Stored data:
=== Begin Enclosure ===

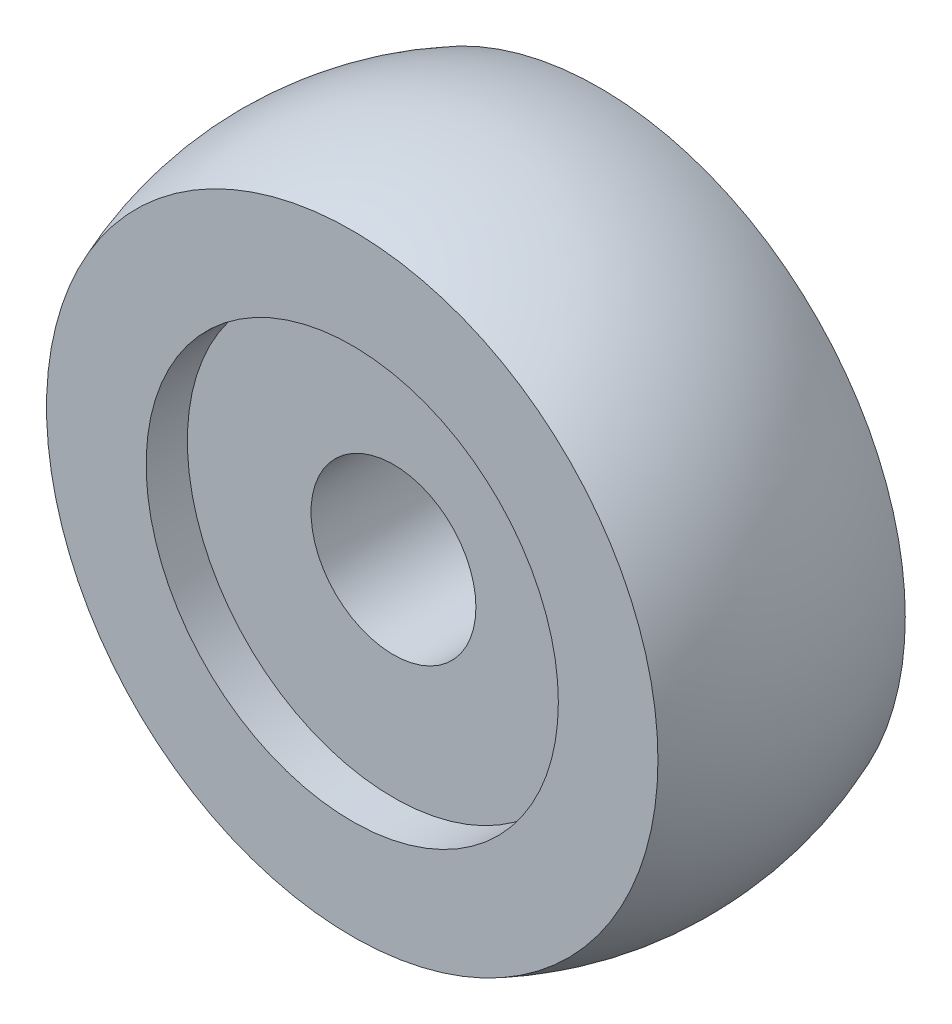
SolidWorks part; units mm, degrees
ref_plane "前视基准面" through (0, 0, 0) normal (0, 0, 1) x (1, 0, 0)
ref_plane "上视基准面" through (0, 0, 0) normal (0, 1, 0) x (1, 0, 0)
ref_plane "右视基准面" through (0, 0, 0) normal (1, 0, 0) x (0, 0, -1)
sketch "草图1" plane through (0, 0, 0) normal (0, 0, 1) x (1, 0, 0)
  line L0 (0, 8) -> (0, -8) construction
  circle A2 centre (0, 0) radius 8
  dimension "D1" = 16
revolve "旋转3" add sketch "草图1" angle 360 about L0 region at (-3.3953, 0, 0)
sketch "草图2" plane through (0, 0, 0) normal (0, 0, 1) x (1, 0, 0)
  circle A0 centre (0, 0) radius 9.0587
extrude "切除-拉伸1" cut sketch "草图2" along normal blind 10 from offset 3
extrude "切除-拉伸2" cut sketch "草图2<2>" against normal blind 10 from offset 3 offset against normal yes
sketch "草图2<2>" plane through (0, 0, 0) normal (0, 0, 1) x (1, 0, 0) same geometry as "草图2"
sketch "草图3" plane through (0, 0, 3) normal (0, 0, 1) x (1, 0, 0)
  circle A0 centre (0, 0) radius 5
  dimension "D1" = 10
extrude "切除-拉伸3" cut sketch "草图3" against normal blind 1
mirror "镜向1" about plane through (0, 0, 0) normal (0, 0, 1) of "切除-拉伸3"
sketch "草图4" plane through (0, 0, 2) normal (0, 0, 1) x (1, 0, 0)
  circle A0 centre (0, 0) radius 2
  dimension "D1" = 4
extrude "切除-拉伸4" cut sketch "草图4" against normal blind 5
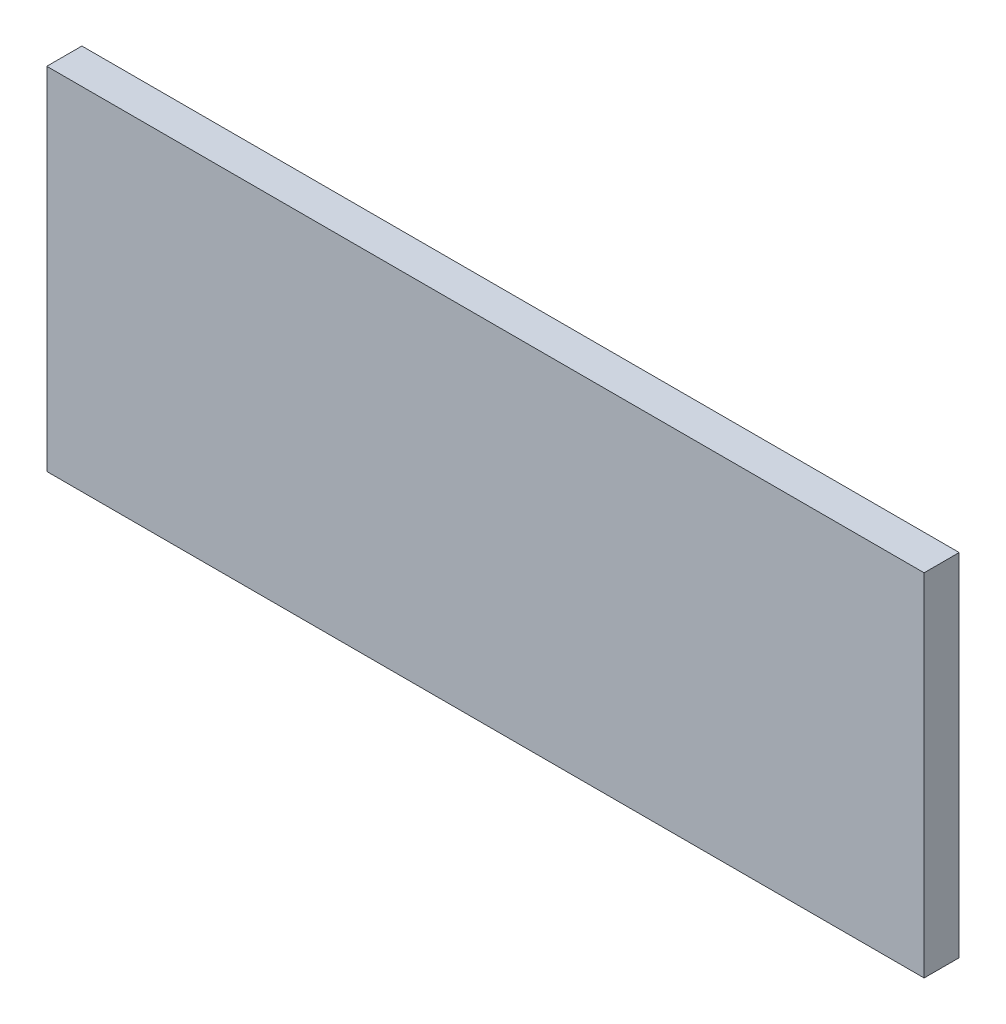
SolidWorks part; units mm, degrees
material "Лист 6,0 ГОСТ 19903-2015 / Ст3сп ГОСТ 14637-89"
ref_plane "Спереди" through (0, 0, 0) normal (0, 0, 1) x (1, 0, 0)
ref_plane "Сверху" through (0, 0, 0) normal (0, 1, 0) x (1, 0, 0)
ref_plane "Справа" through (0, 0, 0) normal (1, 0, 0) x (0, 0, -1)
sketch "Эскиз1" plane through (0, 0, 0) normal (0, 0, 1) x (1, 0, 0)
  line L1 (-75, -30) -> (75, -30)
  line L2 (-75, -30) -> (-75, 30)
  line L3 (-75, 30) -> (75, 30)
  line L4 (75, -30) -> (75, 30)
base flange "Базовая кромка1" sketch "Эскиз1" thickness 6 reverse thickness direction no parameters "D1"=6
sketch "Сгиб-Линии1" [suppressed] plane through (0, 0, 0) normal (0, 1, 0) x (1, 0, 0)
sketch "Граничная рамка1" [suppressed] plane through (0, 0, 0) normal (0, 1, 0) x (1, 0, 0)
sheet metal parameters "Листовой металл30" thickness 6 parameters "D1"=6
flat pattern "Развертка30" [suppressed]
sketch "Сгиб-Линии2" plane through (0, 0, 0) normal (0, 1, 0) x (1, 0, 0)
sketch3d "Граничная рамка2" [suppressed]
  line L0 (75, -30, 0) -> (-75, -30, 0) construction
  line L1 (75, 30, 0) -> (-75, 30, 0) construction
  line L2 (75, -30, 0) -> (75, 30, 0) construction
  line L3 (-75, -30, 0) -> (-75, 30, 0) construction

=== End Enclosure ===

◆ Work instructions
Each line above from the one with "0, 3) normal" up to and including the one with "about plane through" must be set down exactly, and no line outside that span may appear.

◆ Response to this exercise
sketch "草图3" plane through (0, 0, 3) normal (0, 0, 1) x (1, 0, 0)
  circle A0 centre (0, 0) radius 5
  dimension "D1" = 10
extrude "切除-拉伸3" cut sketch "草图3" against normal blind 1
mirror "镜向1" about plane through (0, 0, 0) normal (0, 0, 1) of "切除-拉伸3"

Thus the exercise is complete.